Suoi uffici saranno un Comitato di indirizzo con i Ministeri, una Commissione Etica, una Consulta delle parti sociali e dei Comitati tecnico-scientifici tematici. Nominato presidente della Commissione etica Paolo Benanti, professore all’Università Luiss Guido Carli e presidente Commissione Intelligenza Artificiale informazione presso la Presidenza del Consiglio dei Ministri.

Così il ministro del Lavoro Elvira Calderone, nel corso della conferenza stampa di presentazione dell’Osservatorio che si è tenuta a Roma il 15 dicembre 2025: “Abbiamo scelto di costruire l’Osservatorio come una cabina di regia, un luogo aperto e stabile di confronto in cui istituzioni, parti sociali ed esperti lavorano insieme per governare il cambiamento e supportare le decisioni pubbliche. Non vogliamo che siano gli algoritmi a decidere il destino delle persone. Le decisioni sul lavoro devono restare umane, responsabili e verificabili”.

Fonte: Ministero del Lavoro

In GU il Codice degli incentivi alle imprese

Pubblicato sulla Gazzetta Ufficiale n. 286 del 10 dicembre 2025 il Decreto Legislativo n. 184 27 novembre 2025.

In vigore dal 1° gennaio 2026 riporta il riordino della disciplina generale degli incentivi alle imprese e i relativi procedimenti amministrativi. Il codice non riguarda incentivi fiscali che non prevedono istruttorie e incentivi con verifiche circoscritte al limite di risorse possibili e gli incentivi contributivi.

Indica criteri per programmazione, coordinamento, attuazione, monitoraggio, comunicazione.

Fonte: Gazzetta Ufficiale

Invio informazioni sulle emissioni di microplastiche, scadenze, Iuclid, supporto Echa

Microplastiche. Helpdesk Reach comunica che è disponibile sul sito Echa il software IUCLID per l’invio all’Agenzia delle informazioni sulle microplastiche. Affiancato dal materiale informativo di supporto.
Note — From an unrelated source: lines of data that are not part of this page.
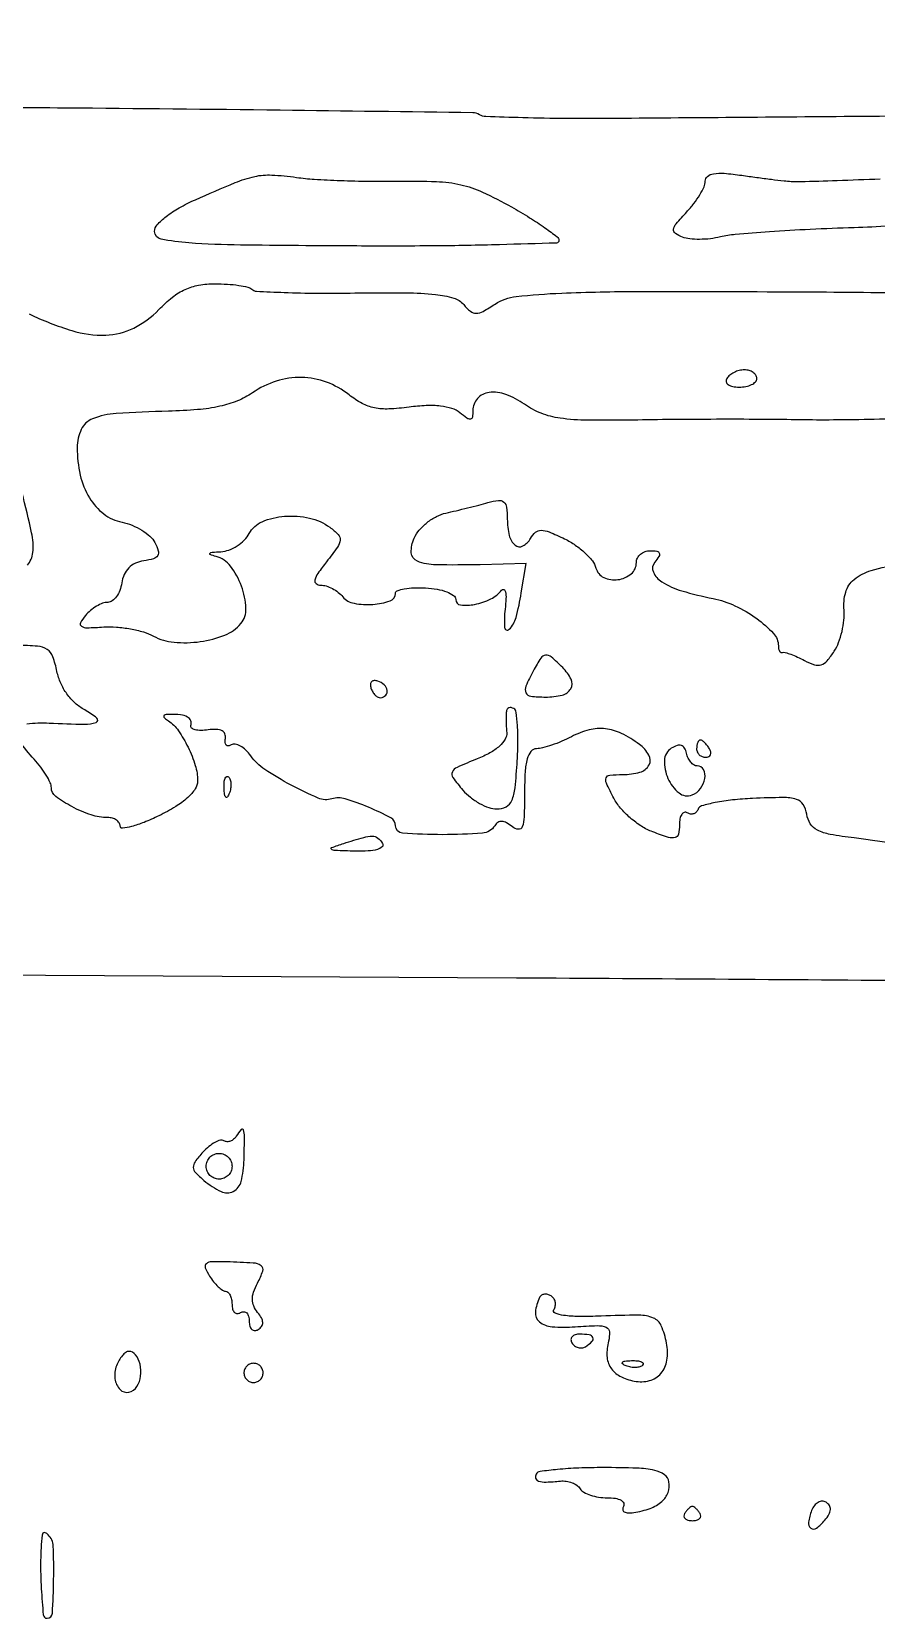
# Model space of a CAD drawing. Extents: x 0 to 5034, y 0 to 2560.
# Drawn here: x 3653.7 to 3751.9, y 2117 to 2301.3 of the extents above; entities that cross this region are included whole.
import ezdxf

# ---------------------------------------------------------------- set-up
doc = ezdxf.new("R2010")
doc.units = 0

msp = doc.modelspace()

# ---------------------------------------------------------------- linework, layer by layer
for points in [[(3772.62371, 2291.634237, -0.000392), (3750.896247, 2291.435923, -0.000163), (3721.584725, 2291.200949, -0.00351), (3715.803622, 2291.197079, -0.005356), (3710.787518, 2291.282673, -0.002113), (3706.498182, 2291.419975, -0.130064), (3705.773129, 2291.640214, 0.136037), (3704.984391, 2291.869721, 0.000094), (3682.612884, 2292.150747, 0.001099), (3657.655844, 2292.404724, 0.000671), (3628.188404, 2292.600304, -0.000229), (3596.370986, 2292.783383, -0.000221), (3564.186594, 2292.997566, -0.000219), (3535.849384, 2293.211074, -0.000812)], [(3757.539276, 2279.025999, -0.015526), (3749.307374, 2278.510826, 0.004161), (3744.203139, 2278.307712, 0.005167), (3739.459253, 2278.030225, 0.004255), (3735.485484, 2277.722563, 0.03844), (3733.766678, 2277.440558, -0.031508), (3732.597897, 2277.232137, -0.026792), (3731.346743, 2277.157101, -0.02767), (3730.19783, 2277.213439, -0.065615), (3729.366882, 2277.412709, -0.058921), (3728.527518, 2277.854089, -0.290962), (3728.327686, 2278.323219, -0.136253), (3728.631535, 2278.978055, -0.012228), (3729.850203, 2280.340549, 0.025571), (3730.673026, 2281.311398, 0.027759), (3731.368497, 2282.335808, 0.028758), (3731.860006, 2283.272078, 0.106884), (3732, 2283.919487, -0.226296), (3732.265084, 2284.475196, -0.131389), (3732.954478, 2284.782502, -0.060415), (3734.20698, 2284.829319, -0.014997), (3736.25, 2284.596822, 0.002492), (3737.987114, 2284.354999, 0.002646), (3739.692188, 2284.135472, 0.002519), (3741.161979, 2283.961653, 0.012167), (3742, 2283.887427, 0.023692), (3743.06791, 2283.869661, 0.000784), (3747.31875, 2284.00705, 0.001492), (3752.335572, 2284.192063, 0.001038)], [(3653.419349, 2268.494828, 0.035609), (3658.382016, 2266.566062, 0.083439), (3662.314388, 2266.039923, 0.106752), (3665.584745, 2266.861702, 0.087203), (3668.5, 2269, -0.032847), (3670.073417, 2270.439972, -0.06114), (3671.542171, 2271.347244, -0.065182), (3673.120621, 2271.837308, -0.04274), (3675.020425, 2272, -0.015671), (3676.461907, 2271.95481, -0.020315), (3677.777123, 2271.81846, -0.018452), (3678.844597, 2271.623301, -0.142878), (3679.284675, 2271.381991, 0.185676), (3679.833425, 2271.138101, 0.003405), (3683.065294, 2270.995009, 0.007914), (3686.879145, 2270.912579, 0.005145), (3691.287023, 2270.932447, -0.005359), (3697.219565, 2270.956647, -0.024846), (3700.640964, 2270.763747, -0.043711), (3702.765511, 2270.347727, -0.150454), (3703.927389, 2269.587491, 0.049851), (3704.713073, 2268.812645, 0.175686), (3705.37353, 2268.585676, 0.122286), (3706.17471, 2268.798958, 0.019127), (3707.587099, 2269.649026, -0.118291), (3710.022144, 2270.522885, -0.017143), (3715.315765, 2270.919497, -0.009901), (3724.262358, 2271.104702, -0.001407), (3742.640613, 2271.069453, -0.002375), (3756.40359, 2270.938948, -0.005022)], [(3756.43743, 2256.38779, -0.003607), (3751.646875, 2256.24847, -0.003616), (3746.903734, 2256.179077, -0.006442), (3743, 2256.200491, 0.003252), (3739.005945, 2256.24788, 0.00163), (3733.95773, 2256.258477, 0.001618), (3728.734778, 2256.235506, 0.002393), (3724.153975, 2256.178605, -0.006282), (3718.341659, 2256.151617, -0.032485), (3715.137406, 2256.385521, -0.057983), (3712.942298, 2256.954575, -0.062402), (3710.994758, 2258.003733, 0.065954), (3708.840931, 2259.144435, 0.119828), (3706.873374, 2259.375341, 0.182132), (3705.535613, 2258.675465, 0.184158), (3705, 2257.270566, -0.040691), (3704.939125, 2256.523785, -0.319966), (3704.707524, 2256.290613, -0.199293), (3704.305199, 2256.38227, -0.018827), (3703.486061, 2257.011569, 0.097581), (3702.556846, 2257.517004, 0.048353), (3701.237998, 2257.793972, 0.039029), (3699.573616, 2257.847834, 0.022641), (3697.580196, 2257.666046, -0.023575), (3695.236771, 2257.456751, -0.06118), (3693.550052, 2257.592442, -0.07215), (3692.113954, 2258.111021, -0.044012), (3690.601649, 2259.098703, 0.077558), (3687.968185, 2260.577676, 0.084324), (3685.084815, 2261.128184, 0.083175), (3682.148797, 2260.69776, 0.072887), (3679.363553, 2259.328036, -0.054851), (3677.635139, 2258.399507, -0.042199), (3675.587058, 2257.768128, -0.03287), (3673.004693, 2257.380562, -0.015072), (3669.602631, 2257.199699, 0.010097), (3663.545937, 2256.938102, 0.079024), (3660.802475, 2256.321508, 0.18773), (3659.483319, 2255.092742, 0.112906), (3659, 2252.979665, 0.056117), (3659.359194, 2249.789348, 0.079636), (3660.424817, 2247.145723, 0.093518), (3662.096887, 2245.272038, 0.115081), (3664.224657, 2244.305069, -0.048123), (3665.384887, 2243.954328, -0.041637), (3666.517667, 2243.374681, -0.043728), (3667.460018, 2242.667781, -0.087322), (3668.033611, 2241.937198, -0.044989), (3668.434655, 2240.992535, -0.217614), (3668.368297, 2240.427899, -0.189632), (3667.884135, 2240.059494, -0.033649), (3666.748095, 2239.819301, 0.071401), (3665.771762, 2239.534691, 0.09012), (3664.999721, 2238.999721, 0.090083), (3664.465026, 2238.227137, 0.071279), (3664.180449, 2237.25, -0.054296), (3663.961105, 2236.389412, -0.067146), (3663.57054, 2235.660937, -0.080541), (3663.076759, 2235.168703, -0.157046), (3662.552894, 2235, 0.091884), (3661.959813, 2234.890083, 0.042743), (3661.253211, 2234.547063, 0.040418), (3660.551518, 2234.048057, 0.044808), (3659.965214, 2233.458086, 0.046797), (3659.394205, 2232.622008, 0.399692), (3659.498402, 2232.221974, 0.146606), (3660.141034, 2232.048009, 0.009525), (3662.092769, 2232.137493, -0.035233), (3663.569793, 2232.129264, -0.026047), (3665.190995, 2231.920462, -0.026544), (3666.709027, 2231.559823, -0.052175), (3667.855297, 2231.08787, 0.101578), (3670.261034, 2230.363751, 0.057664), (3673.312851, 2230.440948, 0.058524), (3676.18415, 2231.196803, 0.126608), (3678.021212, 2232.525559, 0.187526), (3678.618833, 2234.317066, 0.076056), (3678.097448, 2236.881389, 0.074883), (3676.816147, 2239.21627, 0.166502), (3675.151168, 2240.329708, -0.019347), (3674.46304, 2240.541175, -0.555338), (3674.429634, 2240.690498, -0.174783), (3674.698614, 2240.81417, -0.00814), (3675.714816, 2240.883999, 0.076296), (3676.641371, 2241.076286, 0.053877), (3677.593451, 2241.553425, 0.053635), (3678.42654, 2242.226268, 0.073342), (3679, 2243, -0.172729), (3680.507001, 2244.368628, -0.079905), (3683.115015, 2244.995151, -0.074172), (3686.011884, 2244.78685, -0.103244), (3688.373068, 2243.716473, -0.043303), (3689.332461, 2242.878538, -0.218741), (3689.560786, 2242.223971, -0.13106), (3689.260461, 2241.415585, -0.012544), (3687.991618, 2239.716473, 0.013917), (3686.981855, 2238.356523, 0.091067), (3686.629522, 2237.586689, 0.302418), (3686.774361, 2237.176926, 0.162325), (3687.304975, 2237, -0.077073), (3687.942598, 2236.901126, -0.044439), (3688.660717, 2236.600466, -0.043158), (3689.34495, 2236.160364, -0.055112), (3689.883905, 2235.639886, 0.177086), (3691.178567, 2234.885604, 0.060879), (3693.377712, 2234.763674, 0.065838), (3695.368549, 2235.162487, 0.320769), (3696, 2236.045489, -0.31696), (3696.214232, 2236.349485, -0.040963), (3697.026808, 2236.566645, -0.035744), (3698.155674, 2236.688819, -0.021876), (3699.495516, 2236.678911, -0.031236), (3700.834785, 2236.526125, -0.047141), (3701.965541, 2236.212869, -0.058868), (3702.753146, 2235.800761, -0.246639), (3702.995516, 2235.34362, 0.377188), (3703.569757, 2234.695788, 0.080728), (3705.202034, 2234.756109, 0.064065), (3707.082102, 2235.39169, 0.118136), (3708.320855, 2236.412284, -0.343951), (3708.587071, 2236.483608, -0.250413), (3708.787637, 2236.23522, -0.059514), (3708.843628, 2235.4327, -0.01819), (3708.739436, 2234.218582, 0.046122), (3708.67541, 2232.070915, 0.644041), (3709.213402, 2231.865909, 0.1326), (3710.014343, 2233.242801, 0.0256), (3710.626384, 2236.086307), (3711.180155, 2239.5), (3705.840078, 2239.373798, -0.009498), (3700.684176, 2239.349907, -0.091926), (3698.548082, 2239.777795, -0.291916), (3697.840685, 2240.765085, -0.120883), (3698.159499, 2242.450718, -0.071398), (3698.76217, 2243.390801, -0.047569), (3699.688391, 2244.276603, -0.047204), (3700.776369, 2244.979642, -0.065958), (3701.863945, 2245.373715, 0.004323), (3703.036985, 2245.641636, 0.002818), (3704.386596, 2245.970232, 0.002834), (3705.699381, 2246.305625, 0.005404), (3706.75, 2246.592558, -0.038058), (3707.967363, 2246.841024, -0.210762), (3708.592696, 2246.65429, -0.188587), (3708.917844, 2246.048164, -0.029902), (3709, 2244.675648, 0.05733), (3709.220009, 2242.763172, 0.162947), (3709.914557, 2241.635721, 0.308882), (3710.815601, 2241.548549, 0.140378), (3711.697412, 2242.423789, -0.084136), (3712.272442, 2243.137674, -0.186956), (3712.916715, 2243.376652, -0.095772), (3713.857611, 2243.180616, -0.013663), (3715.662727, 2242.366483, -0.037656), (3716.902006, 2241.646521, -0.037045), (3718.026517, 2240.745272, -0.03951), (3718.8877, 2239.806149, -0.102198), (3719.293312, 2238.986374, 0.222365), (3720.203938, 2237.890619, 0.144216), (3721.860867, 2237.634534, 0.143459), (3723.398098, 2238.317497, 0.220402), (3724, 2239.616631, -0.116534), (3724.124676, 2240.144297, -0.100518), (3724.476593, 2240.593635, -0.09305), (3725.002842, 2240.895268, -0.08392), (3725.622445, 2241, -0.038767), (3726.383106, 2240.940934, -0.268708), (3726.662563, 2240.714946, -0.237305), (3726.624315, 2240.334568, -0.03164), (3726.134767, 2239.662385, 0.283584), (3725.972079, 2238.508475, 0.151532), (3726.949419, 2237.379126, 0.067759), (3729.283844, 2236.332876, 0.022799), (3732.916306, 2235.442257, -0.061439), (3735.458591, 2234.606613, -0.046816), (3737.983651, 2233.114018, -0.048079), (3739.926034, 2231.398331, -0.190041), (3740.5, 2229.942761, 0.052244), (3740.536534, 2229.594067, 0.091478), (3740.646875, 2229.326574, 0.135997), (3740.810165, 2229.181387, 0.198121), (3741, 2229.16898, -0.151896), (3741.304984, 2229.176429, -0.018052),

La nota Echa in merito all’invio, ricorda che la prima scadenza per le emissioni stimate 2025 è il 31 maggio 2026, ovvero, in dettaglio, dovranno essere inviate a Echa le seguenti comunicazioni nelle rispettive scadenze:

“31 maggio 2026 – per i produttori e gli utilizzatori industriali a valle di SPM sotto forma di pellet, scaglie e polveri, utilizzati come materia prima nella produzione di plastica nei siti industriali; e

31 maggio 2027 – per tutti gli altri produttori e utilizzatori industriali a valle di SPM presso siti industriali, nonché per i fornitori che immettono sul mercato per la prima volta prodotti contenenti SPM per usi specifici esentati da parte di professionisti o del pubblico”.

La restrizione è entrata in vigore nel 2023.

Fonte: Echa

Ministero Lavoro, Inl centrale per la sicurezza sul lavoro

Ispettorato nazionale del lavoro centrale nella sicurezza sul lavoro. Così nella nota del Ministero del Lavoro del 25 novembre.

Il Ministero ha riassunto gli impegni degli ultimi due anni attraverso i quali l’Ispettorato è stato reso ancora centrale nelle politiche di tutela della sicurezza e nella vigilanza:

  • indennità di amministrazione personale del Ministero del Lavoro;
  • procedure concorsuali 2024 per 750 nuovi ispettori;
  • incremento di 300 unità da Decreto sicurezza;
  • incremento dirigenziale;
  • incrementi nel Comando Carabinieri per la Tutela del Lavoro con 150 unità;
  • 30 milioni al Fondo efficientamento;
  • somma forfettaria per le missioni, esenzione spese processuali, copertura sanitaria integrativa, perequazione.

Fonte: Ministero Lavoro

Staff House, modalità e scadenze invio domande

Con decreto del 13 novembre 2025 sono stati pubblicati dal Ministero del Turismo i criteri in merito alle Staff House, alla richiesta di contributi per alloggi destinati ai lavoratori del turismo come previsto dal recente decreto 18 settembre 2025 in Gazzetta Ufficiale il 4 ottobre 2025.

Ricordiamo che sono stati stanziati 66 milioni di euro complessivamente per il trienno 2025-2027 e che finanziano allogi destinati ai lavoratori di imprese turistico-ricettive e di somministrazione di alimenti e bevande.

Domande tramite Invitalia a partire dalle ore 12.00 del 21 novembre fino alle ore 17.00 del 19 dicembre 2025. Precaricamento aperto il 17 novembre.

Domande tramite l’allegato presente nel decreto. Per ogni proponente possibile una sola domanda.